The effect was the same as in the US, American and European workers lost their jobs to workers in the Far East who sold their labor much cheaper. Ever since, the gap between rich and poor has been widening in all Western states.

Ulrike Herrmann offers a simple populist solution

similar to that currently practiced by Italy’s political amateurs with triumphant self-acclamation: Let’s spend more money! Let’s simply ignore international creditors! I agree with Mrs. Herrmann that a fundamental change is needed even in Germany, at the moment still a remarkably successful country. The German car industry, which due to its great engineering achievements has done so much for the country’s wealth in past decades, finds itself at a crossroads. Gasoline and diesel cars will be out in ten to twenty years at the latest as climate change will no longer allow us to further indulge in the fossil potlatch. However, technologically speaking, electric cars are primitive gadgets; other countries can produce them just as well as Germans. What is more, Germans have almost given up research on batteries, although they once were pioneers in the field.

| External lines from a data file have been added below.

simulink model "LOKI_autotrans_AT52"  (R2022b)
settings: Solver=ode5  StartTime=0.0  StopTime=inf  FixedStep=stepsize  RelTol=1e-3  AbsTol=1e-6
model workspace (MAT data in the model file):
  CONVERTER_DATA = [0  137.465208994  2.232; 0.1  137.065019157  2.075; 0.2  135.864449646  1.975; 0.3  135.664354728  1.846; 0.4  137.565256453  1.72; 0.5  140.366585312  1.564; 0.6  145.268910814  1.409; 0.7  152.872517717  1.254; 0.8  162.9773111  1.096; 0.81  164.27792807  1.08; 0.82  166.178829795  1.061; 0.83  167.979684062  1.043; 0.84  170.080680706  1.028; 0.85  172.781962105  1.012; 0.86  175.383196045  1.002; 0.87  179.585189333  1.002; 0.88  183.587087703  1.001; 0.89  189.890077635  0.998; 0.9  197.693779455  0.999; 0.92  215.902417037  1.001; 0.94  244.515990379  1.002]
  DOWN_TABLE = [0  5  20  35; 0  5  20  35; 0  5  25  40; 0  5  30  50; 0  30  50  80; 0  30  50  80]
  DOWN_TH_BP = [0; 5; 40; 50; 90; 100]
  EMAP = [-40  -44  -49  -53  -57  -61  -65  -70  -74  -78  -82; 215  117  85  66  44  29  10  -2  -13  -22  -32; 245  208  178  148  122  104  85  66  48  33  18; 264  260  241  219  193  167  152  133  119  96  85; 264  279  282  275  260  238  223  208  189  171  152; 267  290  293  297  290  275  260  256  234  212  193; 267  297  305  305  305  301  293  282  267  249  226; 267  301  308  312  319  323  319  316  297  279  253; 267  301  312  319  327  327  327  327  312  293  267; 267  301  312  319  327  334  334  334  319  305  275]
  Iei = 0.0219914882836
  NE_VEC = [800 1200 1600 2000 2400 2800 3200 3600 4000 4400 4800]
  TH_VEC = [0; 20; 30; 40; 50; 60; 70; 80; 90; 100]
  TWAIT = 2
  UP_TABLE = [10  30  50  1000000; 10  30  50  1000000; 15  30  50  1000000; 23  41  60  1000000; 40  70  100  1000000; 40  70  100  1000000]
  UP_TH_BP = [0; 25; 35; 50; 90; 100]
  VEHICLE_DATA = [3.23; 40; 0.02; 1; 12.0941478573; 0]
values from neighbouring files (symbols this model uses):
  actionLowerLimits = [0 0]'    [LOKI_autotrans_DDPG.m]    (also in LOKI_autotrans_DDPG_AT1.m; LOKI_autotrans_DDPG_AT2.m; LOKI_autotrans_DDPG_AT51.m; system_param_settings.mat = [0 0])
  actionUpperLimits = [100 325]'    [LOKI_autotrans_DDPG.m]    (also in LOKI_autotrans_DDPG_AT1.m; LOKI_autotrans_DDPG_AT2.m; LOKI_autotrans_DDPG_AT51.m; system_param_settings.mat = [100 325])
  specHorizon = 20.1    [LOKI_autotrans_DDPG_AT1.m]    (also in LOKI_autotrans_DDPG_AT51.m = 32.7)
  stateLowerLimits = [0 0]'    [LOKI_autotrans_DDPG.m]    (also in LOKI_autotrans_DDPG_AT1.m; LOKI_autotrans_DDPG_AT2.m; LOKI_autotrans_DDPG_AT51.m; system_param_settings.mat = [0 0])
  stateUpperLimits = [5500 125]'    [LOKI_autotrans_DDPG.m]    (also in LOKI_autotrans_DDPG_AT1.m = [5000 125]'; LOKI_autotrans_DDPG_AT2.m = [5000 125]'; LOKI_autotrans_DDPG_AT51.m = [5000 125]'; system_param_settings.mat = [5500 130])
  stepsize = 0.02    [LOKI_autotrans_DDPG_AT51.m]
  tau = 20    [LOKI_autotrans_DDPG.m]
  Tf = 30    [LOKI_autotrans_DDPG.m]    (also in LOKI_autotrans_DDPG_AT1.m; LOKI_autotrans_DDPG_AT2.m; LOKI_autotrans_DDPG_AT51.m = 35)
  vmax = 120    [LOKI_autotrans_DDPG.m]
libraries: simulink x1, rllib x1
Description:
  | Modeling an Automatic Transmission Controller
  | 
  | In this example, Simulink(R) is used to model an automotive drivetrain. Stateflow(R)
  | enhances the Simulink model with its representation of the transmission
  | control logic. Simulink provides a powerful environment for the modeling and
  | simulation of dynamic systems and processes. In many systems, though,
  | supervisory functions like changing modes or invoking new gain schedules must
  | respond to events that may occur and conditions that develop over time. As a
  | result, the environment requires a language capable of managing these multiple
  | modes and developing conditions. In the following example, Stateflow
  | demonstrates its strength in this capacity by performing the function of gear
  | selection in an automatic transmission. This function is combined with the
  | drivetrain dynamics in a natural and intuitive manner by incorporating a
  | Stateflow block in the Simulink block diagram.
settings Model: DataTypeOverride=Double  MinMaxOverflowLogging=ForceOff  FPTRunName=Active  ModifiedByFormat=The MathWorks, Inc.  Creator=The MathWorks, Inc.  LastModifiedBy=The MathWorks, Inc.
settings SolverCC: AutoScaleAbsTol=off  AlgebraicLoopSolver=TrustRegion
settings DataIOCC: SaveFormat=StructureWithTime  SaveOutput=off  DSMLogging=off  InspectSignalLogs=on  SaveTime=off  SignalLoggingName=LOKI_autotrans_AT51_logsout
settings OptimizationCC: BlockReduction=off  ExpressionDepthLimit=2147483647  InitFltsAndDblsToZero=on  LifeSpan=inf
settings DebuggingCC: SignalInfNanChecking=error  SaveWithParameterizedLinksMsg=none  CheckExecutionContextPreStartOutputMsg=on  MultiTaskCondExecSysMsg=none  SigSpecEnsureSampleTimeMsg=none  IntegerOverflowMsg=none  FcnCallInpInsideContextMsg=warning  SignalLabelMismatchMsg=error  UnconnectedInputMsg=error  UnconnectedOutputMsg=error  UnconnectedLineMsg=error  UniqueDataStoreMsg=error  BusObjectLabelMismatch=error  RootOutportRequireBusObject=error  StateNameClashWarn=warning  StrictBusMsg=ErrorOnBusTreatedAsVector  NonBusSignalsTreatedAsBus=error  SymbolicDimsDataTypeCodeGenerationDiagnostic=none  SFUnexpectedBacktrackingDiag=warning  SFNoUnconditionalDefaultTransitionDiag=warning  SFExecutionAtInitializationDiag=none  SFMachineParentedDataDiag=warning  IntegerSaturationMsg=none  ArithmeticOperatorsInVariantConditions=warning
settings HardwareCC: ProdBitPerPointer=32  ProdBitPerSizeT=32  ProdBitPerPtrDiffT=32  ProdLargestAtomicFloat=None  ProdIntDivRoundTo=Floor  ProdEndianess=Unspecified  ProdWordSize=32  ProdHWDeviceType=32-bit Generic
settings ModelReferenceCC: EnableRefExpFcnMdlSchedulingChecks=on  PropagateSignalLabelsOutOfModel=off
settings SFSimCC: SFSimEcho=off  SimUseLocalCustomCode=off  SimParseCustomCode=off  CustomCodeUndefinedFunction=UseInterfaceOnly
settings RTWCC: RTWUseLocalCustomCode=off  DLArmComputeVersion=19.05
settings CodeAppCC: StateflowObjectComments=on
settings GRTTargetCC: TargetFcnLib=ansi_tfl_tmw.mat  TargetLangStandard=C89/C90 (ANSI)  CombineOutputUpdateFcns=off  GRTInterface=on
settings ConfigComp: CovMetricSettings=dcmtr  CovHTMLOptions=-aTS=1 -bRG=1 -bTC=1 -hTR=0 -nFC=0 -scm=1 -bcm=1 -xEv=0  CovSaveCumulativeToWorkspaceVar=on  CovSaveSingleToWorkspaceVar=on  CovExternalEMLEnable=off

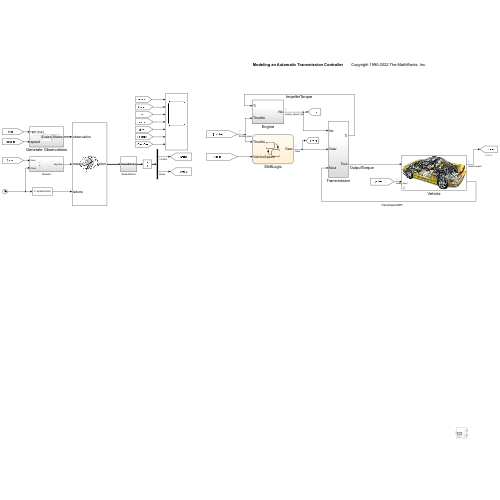
[thumbnail: Simulink's stored preview of the top-level diagram]
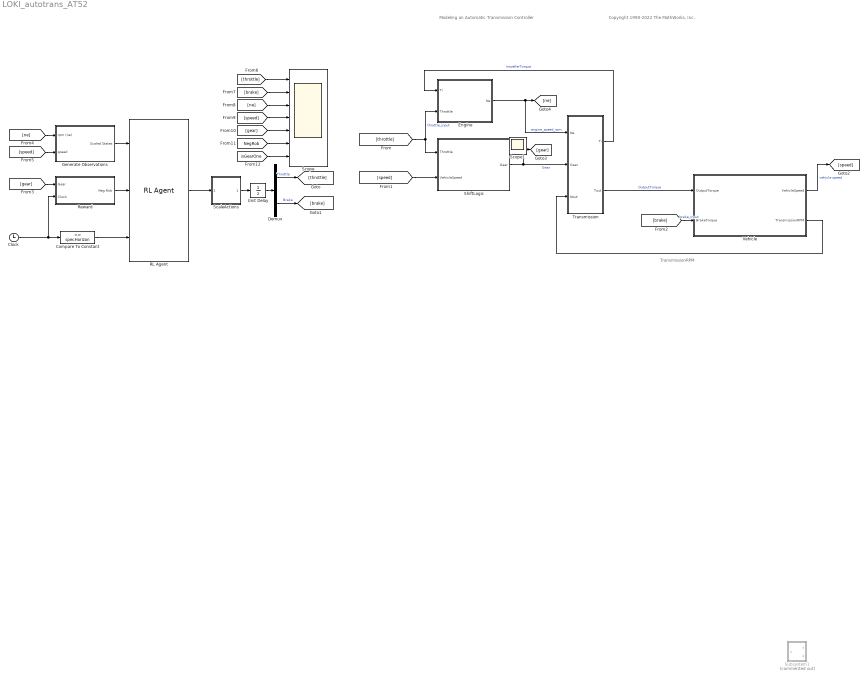
== system LOKI_autotrans_AT52 ==
  note: TransmissionRPM
  note: Modeling an Automatic Transmission Controller
  note: Copyright 1990-2022 The MathWorks, Inc.
  Clock : Clock
  Compare To Constant : simulink/Logic and Bit Operations/Compare To Constant  relop=>=  const=specHorizon  OutDataTypeStr=boolean
  Demux : Demux  Outputs=2
  Engine : Subsystem
  Generate Observations : Subsystem
  RL Agent : rllib/RL Agent  Agent=agentObj  ExternalActionAsInput=off  ProvideLastAction=off  ProvideCumRwd=off  TreatAsDirectFeedthrough=on  UseStrictObservationDataTypes=off
  Reward : Subsystem
  ScaleActions : Subsystem
  Scope : Scope  NumInputPorts=7
  ShiftLogic : Stateflow chart  TreatAsAtomicUnit=on
  Subsystem1 : Subsystem  Commented=on
  Transmission : Subsystem
  Unit Delay : UnitDelay  SampleTime=-1  HasFrameUpgradeWarning=on
  Vehicle : Subsystem  mask(vehicle model){Rfd=VEHICLE_DATA(1), rload0=VEHICLE_DATA(2), rload2=VEHICLE_DATA(3), Rw=VEHICLE_DATA(4), Iv=VEHICLE_DATA(5), N20=VEHICLE_DATA(6)/VEHICLE_DATA(4)*VEHICLE_DATA(1)}
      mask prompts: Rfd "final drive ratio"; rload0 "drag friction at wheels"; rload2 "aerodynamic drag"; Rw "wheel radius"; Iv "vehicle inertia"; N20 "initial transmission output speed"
simulink model "pattern3x3_training_2023noclock"  (R2024a)
settings: Solver=FixedStepAuto  StartTime=0.0  StopTime=2  FixedStep=0.000005  RelTol=1e-3
model workspace (MAT data in the model file):
  part1_v1 = 1
values from neighbouring files (symbols this model uses):
  full_pattern = load('Pattern4_250.CSV')    [model_setup4.m]
  max_weight2 = 255    [model_setup4.m]
  min_weight2 = 150    [model_setup4.m]
  Th_control_time2 = 0.02    [model_setup4.m]    (also in model_setup_test.m = 2)
  Th_minus_count2 = 10    [model_setup4.m]    (also in model_setup_test.m = 5)
  Th_plus_count2 = 20    [model_setup4.m]    (also in model_setup_test.m)
libraries: simulink x1
(part 4 of 9)

== system pattern3x3_training_2023noclock/Synapse35 ==
  note: weight 초기값
  note: pre spike trace
  note: weight 최댓값
  note: STDP
  note: Synapse
  note: weight 최솟값
  note: post spike trace
  note: 기존 weight + STDP 변화량
  note: weight RC 감소
  Pre_spike : Inport
  addr : Inport  Port=2
  Post_spike : Inport  Port=3
  Add1 : Sum
  Clock1 : Subsystem
  Clock2 : Subsystem
  Clock3 : Subsystem
  Delay1 : Delay  DelayLength=1  SampleTime=0.00001
  Exp : Math
  Exp1 : Math
  From Workspace : FromWorkspace  VariableName=Rand_var
  From Workspace1 : FromWorkspace  VariableName=min_weight
  From Workspace2 : FromWorkspace  VariableName=max_weight
  From Workspace3 : FromWorkspace  VariableName=synapse_weight_rc_s
  From Workspace4 : FromWorkspace  VariableName=synapse_weight_rc_l
  From Workspace6 : FromWorkspace  VariableName=initial_LTP
  From Workspace7 : FromWorkspace  VariableName=initial_LTD
  From Workspace8 : FromWorkspace  VariableName=RC_LTP
  From Workspace9 : FromWorkspace  VariableName=RC_LTD
  Gain1 : Gain  Gain=-1
  MATLAB Function1 : MATLAB Function  TreatAsAtomicUnit=on
  Memory1 : Memory
  Memory2 : Memory
  OR : Logic  Operator=OR  IconShape=distinctive  AllPortsSameDT=off  OutDataTypeStr=boolean
  Product{,1..6} (7 alike) : Product
  Scope1 : Scope  NumInputPorts=4
  Scope2 : Scope  NumInputPorts=5
  Scope3 : Scope  NumInputPorts=2
  Scope5 : Scope  NumInputPorts=3
  Scope6 : Scope  NumInputPorts=3
  Scope7 : Scope  NumInputPorts=3
  Scope8 : Scope  NumInputPorts=4
  Subsystem : Subsystem
  Switch : Switch  Threshold=max_weight2  SaturateOnIntegerOverflow=off  InputSameDT=off
  Switch1 : Switch  Criteria=u2 > Threshold  Threshold=min_weight2  SaturateOnIntegerOverflow=off  InputSameDT=off
  rc_add1 : MATLAB Function  TreatAsAtomicUnit=on
  rc_add2 : MATLAB Function  TreatAsAtomicUnit=on
  Weight : Outport
  Spike_out : Outport  Port=2
  Weight_out : Outport  Port=3
  wires:
  Switch1/1 -> Scope7/3, Product/2, Weight_out/1, Scope5/3, Scope3/1, Delay1/1
  Product/1 -> Memory1/1
  addr/1 -> MATLAB Function1/2(synapse_num)
  Post_spike/1 -> Scope2/4, Memory2/1
  Clock1/1(T) -> rc_add2/1(tx)
  Clock2/1(T) -> Scope2/3, rc_add1/1(ty)
  Delay1/1 -> Scope3/2, Subsystem/2(before_weight), Scope6/3
  Memory1/1 -> Weight/1, Scope5/2
  From Workspace7/1 -> rc_add1/2(initial_LTD)
  From Workspace9/1 -> rc_add1/3(RC_LTD)
  From Workspace6/1 -> rc_add2/2(initial_LTP)
  From Workspace8/1 -> rc_add2/3(RC_LTP)
  Product6/1 -> Scope1/4, Add1/2
  Product5/1 -> Scope1/3, Add1/1
  Add1/1 -> Subsystem/1(delta_weight), Scope2/1, Scope6/1
  From Workspace2/1 -> Product3/2
  Product2/1 -> Exp1/1
  Gain1/1 -> Product1/2, Product2/1
  From Workspace1/1 -> Switch1/3
  Exp1/1 -> Scope8/2, Product4/2
  Switch/1 -> Scope8/4, Switch1/2, Scope7/2, Switch1/1
  From Workspace3/1 -> Product2/2
  Product3/1 -> Switch/1
  Exp/1 -> Product3/1
  Clock3/1(T) -> Gain1/1
  Product1/1 -> Exp/1
  MATLAB Function1/1(y) -> Scope6/2, Product4/1, Scope7/1, Switch/2, Scope8/1
  From Workspace4/1 -> Product1/1
  From Workspace/1 -> MATLAB Function1/1(init_weight)
  Product4/1 -> Scope8/3, Switch/3
  Subsystem/1(weight) -> MATLAB Function1/3(before_weight)
  rc_add2/1(pre_trace) -> Product5/1
  rc_add1/1(post_trace) -> Product6/2
  OR/1 -> Subsystem/Trigger
  Memory2/1 -> OR/2, Scope1/2, Product5/2, Clock2/1("Reset "), Scope2/5
  Pre_spike/1 -> OR/1, Scope1/1, Scope5/1, Spike_out/1, Product/1, Clock3/1("Reset "), Clock1/1("Reset "), Product6/1, Scope2/2

== system pattern3x3_training_2023noclock/Synapse36 ==
  note: weight 초기값
  note: pre spike trace
  note: weight 최댓값
  note: STDP
  note: Synapse
  note: weight 최솟값
  note: post spike trace
  note: 기존 weight + STDP 변화량
  note: weight RC 감소
  Pre_spike : Inport
  addr : Inport  Port=2
  Post_spike : Inport  Port=3
  Add1 : Sum
  Clock1 : Subsystem
  Clock2 : Subsystem
  Clock3 : Subsystem
  Delay1 : Delay  DelayLength=1  SampleTime=0.00001
  Exp : Math
  Exp1 : Math
  From Workspace : FromWorkspace  VariableName=Rand_var
  From Workspace1 : FromWorkspace  VariableName=min_weight
  From Workspace2 : FromWorkspace  VariableName=max_weight
  From Workspace3 : FromWorkspace  VariableName=synapse_weight_rc_s
  From Workspace4 : FromWorkspace  VariableName=synapse_weight_rc_l
  From Workspace6 : FromWorkspace  VariableName=initial_LTP
  From Workspace7 : FromWorkspace  VariableName=initial_LTD
  From Workspace8 : FromWorkspace  VariableName=RC_LTP
  From Workspace9 : FromWorkspace  VariableName=RC_LTD
  Gain1 : Gain  Gain=-1
  MATLAB Function1 : MATLAB Function  TreatAsAtomicUnit=on
  Memory1 : Memory
  Memory2 : Memory
  OR : Logic  Operator=OR  IconShape=distinctive  AllPortsSameDT=off  OutDataTypeStr=boolean
  Product{,1..6} (7 alike) : Product
  Scope1 : Scope  NumInputPorts=4
  Scope2 : Scope  NumInputPorts=5
  Scope3 : Scope  NumInputPorts=2
  Scope5 : Scope  NumInputPorts=3
  Scope6 : Scope  NumInputPorts=3
  Scope7 : Scope  NumInputPorts=3
  Scope8 : Scope  NumInputPorts=4
  Subsystem : Subsystem
  Switch : Switch  Threshold=max_weight2  SaturateOnIntegerOverflow=off  InputSameDT=off
  Switch1 : Switch  Criteria=u2 > Threshold  Threshold=min_weight2  SaturateOnIntegerOverflow=off  InputSameDT=off
  rc_add1 : MATLAB Function  TreatAsAtomicUnit=on
  rc_add2 : MATLAB Function  TreatAsAtomicUnit=on
  Weight : Outport
  Spike_out : Outport  Port=2
  Weight_out : Outport  Port=3
  wires:
  Switch1/1 -> Scope7/3, Product/2, Weight_out/1, Scope5/3, Scope3/1, Delay1/1
  Product/1 -> Memory1/1
  addr/1 -> MATLAB Function1/2(synapse_num)
  Post_spike/1 -> Scope2/4, Memory2/1
  Clock1/1(T) -> rc_add2/1(tx)
  Clock2/1(T) -> Scope2/3, rc_add1/1(ty)
  Delay1/1 -> Scope3/2, Subsystem/2(before_weight), Scope6/3
  Memory1/1 -> Weight/1, Scope5/2
  From Workspace7/1 -> rc_add1/2(initial_LTD)
  From Workspace9/1 -> rc_add1/3(RC_LTD)
  From Workspace6/1 -> rc_add2/2(initial_LTP)
  From Workspace8/1 -> rc_add2/3(RC_LTP)
  Product6/1 -> Scope1/4, Add1/2
  Product5/1 -> Scope1/3, Add1/1
  Add1/1 -> Subsystem/1(delta_weight), Scope2/1, Scope6/1
  From Workspace2/1 -> Product3/2
  Product2/1 -> Exp1/1
  Gain1/1 -> Product1/2, Product2/1
  From Workspace1/1 -> Switch1/3
  Exp1/1 -> Scope8/2, Product4/2
  Switch/1 -> Scope8/4, Switch1/2, Scope7/2, Switch1/1
  From Workspace3/1 -> Product2/2
  Product3/1 -> Switch/1
  Exp/1 -> Product3/1
  Clock3/1(T) -> Gain1/1
  Product1/1 -> Exp/1
  MATLAB Function1/1(y) -> Scope6/2, Product4/1, Scope7/1, Switch/2, Scope8/1
  From Workspace4/1 -> Product1/1
  From Workspace/1 -> MATLAB Function1/1(init_weight)
  Product4/1 -> Scope8/3, Switch/3
  Subsystem/1(weight) -> MATLAB Function1/3(before_weight)
  rc_add2/1(pre_trace) -> Product5/1
  rc_add1/1(post_trace) -> Product6/2
  OR/1 -> Subsystem/Trigger
  Memory2/1 -> OR/2, Scope1/2, Product5/2, Clock2/1("Reset "), Scope2/5
  Pre_spike/1 -> OR/1, Scope1/1, Scope5/1, Spike_out/1, Product/1, Clock3/1("Reset "), Clock1/1("Reset "), Product6/1, Scope2/2

== system pattern3x3_training_2023noclock/Synapse4 ==
  note: weight 초기값
  note: pre spike trace
  note: weight 최댓값
  note: STDP
  note: Synapse
  note: weight 최솟값
  note: post spike trace
  note: 기존 weight + STDP 변화량
  note: weight RC 감소
  Pre_spike : Inport
  addr : Inport  Port=2
  Post_spike : Inport  Port=3
  Add1 : Sum
  Clock1 : Subsystem
  Clock2 : Subsystem
  Clock3 : Subsystem
  Delay1 : Delay  DelayLength=1  SampleTime=0.00001
  Exp : Math
  Exp1 : Math
  From Workspace : FromWorkspace  VariableName=Rand_var
  From Workspace1 : FromWorkspace  VariableName=min_weight
  From Workspace2 : FromWorkspace  VariableName=max_weight
  From Workspace3 : FromWorkspace  VariableName=synapse_weight_rc_s
  From Workspace4 : FromWorkspace  VariableName=synapse_weight_rc_l
  From Workspace6 : FromWorkspace  VariableName=initial_LTP
  From Workspace7 : FromWorkspace  VariableName=initial_LTD
  From Workspace8 : FromWorkspace  VariableName=RC_LTP
  From Workspace9 : FromWorkspace  VariableName=RC_LTD
  Gain1 : Gain  Gain=-1
  MATLAB Function1 : MATLAB Function  TreatAsAtomicUnit=on
  Memory1 : Memory
  Memory2 : Memory
  OR : Logic  Operator=OR  IconShape=distinctive  AllPortsSameDT=off  OutDataTypeStr=boolean
  Product{,1..6} (7 alike) : Product
  Scope1 : Scope  NumInputPorts=4
  Scope2 : Scope  NumInputPorts=5
  Scope3 : Scope  NumInputPorts=2
  Scope5 : Scope  NumInputPorts=3
  Scope6 : Scope  NumInputPorts=3
  Scope7 : Scope  NumInputPorts=3
  Scope8 : Scope  NumInputPorts=4
  Subsystem : Subsystem
  Switch : Switch  Threshold=max_weight2  SaturateOnIntegerOverflow=off  InputSameDT=off
  Switch1 : Switch  Criteria=u2 > Threshold  Threshold=min_weight2  SaturateOnIntegerOverflow=off  InputSameDT=off
  rc_add1 : MATLAB Function  TreatAsAtomicUnit=on
  rc_add2 : MATLAB Function  TreatAsAtomicUnit=on
  Weight : Outport
  Spike_out : Outport  Port=2
  Weight_out : Outport  Port=3
  wires:
  Switch1/1 -> Scope7/3, Product/2, Weight_out/1, Scope5/3, Scope3/1, Delay1/1
  Product/1 -> Memory1/1
  addr/1 -> MATLAB Function1/2(synapse_num)
  Post_spike/1 -> Scope2/4, Memory2/1
  Clock1/1(T) -> rc_add2/1(tx)
  Clock2/1(T) -> Scope2/3, rc_add1/1(ty)
  Delay1/1 -> Scope3/2, Subsystem/2(before_weight), Scope6/3
  Memory1/1 -> Weight/1, Scope5/2
  From Workspace7/1 -> rc_add1/2(initial_LTD)
  From Workspace9/1 -> rc_add1/3(RC_LTD)
  From Workspace6/1 -> rc_add2/2(initial_LTP)
  From Workspace8/1 -> rc_add2/3(RC_LTP)
  Product6/1 -> Scope1/4, Add1/2
  Product5/1 -> Scope1/3, Add1/1
  Add1/1 -> Subsystem/1(delta_weight), Scope2/1, Scope6/1
  From Workspace2/1 -> Product3/2
  Product2/1 -> Exp1/1
  Gain1/1 -> Product1/2, Product2/1
  From Workspace1/1 -> Switch1/3
  Exp1/1 -> Scope8/2, Product4/2
  Switch/1 -> Scope8/4, Switch1/2, Scope7/2, Switch1/1
  From Workspace3/1 -> Product2/2
  Product3/1 -> Switch/1
  Exp/1 -> Product3/1
  Clock3/1(T) -> Gain1/1
  Product1/1 -> Exp/1
  MATLAB Function1/1(y) -> Scope6/2, Product4/1, Scope7/1, Switch/2, Scope8/1
  From Workspace4/1 -> Product1/1
  From Workspace/1 -> MATLAB Function1/1(init_weight)
  Product4/1 -> Scope8/3, Switch/3
  Subsystem/1(weight) -> MATLAB Function1/3(before_weight)
  rc_add2/1(pre_trace) -> Product5/1
  rc_add1/1(post_trace) -> Product6/2
  OR/1 -> Subsystem/Trigger
  Memory2/1 -> OR/2, Scope1/2, Product5/2, Clock2/1("Reset "), Scope2/5
  Pre_spike/1 -> OR/1, Scope1/1, Scope5/1, Spike_out/1, Product/1, Clock3/1("Reset "), Clock1/1("Reset "), Product6/1, Scope2/2

== system pattern3x3_training_2023noclock/Synapse5 ==
  note: weight 초기값
  note: pre spike trace
  note: weight 최댓값
  note: STDP
  note: Synapse
  note: weight 최솟값
  note: post spike trace
  note: 기존 weight + STDP 변화량
  note: weight RC 감소
  Pre_spike : Inport
  addr : Inport  Port=2
  Post_spike : Inport  Port=3
  Add1 : Sum
  Clock1 : Subsystem
  Clock2 : Subsystem
  Clock3 : Subsystem
  Delay1 : Delay  DelayLength=1  SampleTime=0.00001
  Exp : Math
  Exp1 : Math
  From Workspace : FromWorkspace  VariableName=Rand_var
  From Workspace1 : FromWorkspace  VariableName=min_weight
  From Workspace2 : FromWorkspace  VariableName=max_weight
  From Workspace3 : FromWorkspace  VariableName=synapse_weight_rc_s
  From Workspace4 : FromWorkspace  VariableName=synapse_weight_rc_l
  From Workspace6 : FromWorkspace  VariableName=initial_LTP
  From Workspace7 : FromWorkspace  VariableName=initial_LTD
  From Workspace8 : FromWorkspace  VariableName=RC_LTP
  From Workspace9 : FromWorkspace  VariableName=RC_LTD
  Gain1 : Gain  Gain=-1
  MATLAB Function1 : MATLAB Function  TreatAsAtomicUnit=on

These are Doomsday reflections

Higher wages for the disadvantaged classes would be the order of the day, and this is equally true for greater freedom of government action. But neither of these goals is likely to be reached unless we drastically reduce our dependence on foreign raw materials, first of all our dependence on gas and oil from the Middle East and from Russia. In other words, no serious change is to be expected or even possible unless Europe switches from fossil to solar energy in the shortest possible delay. As everyone knows, the steps we have taken so far are completely inadequate.

So, I have no choice but to enjoy a still beautiful façadepresenting us with the enticing charm of an almost unspoiled idyll.

1 Kenneth Rogoff in an interview 12 October 2018 given to the German Handelsblatt.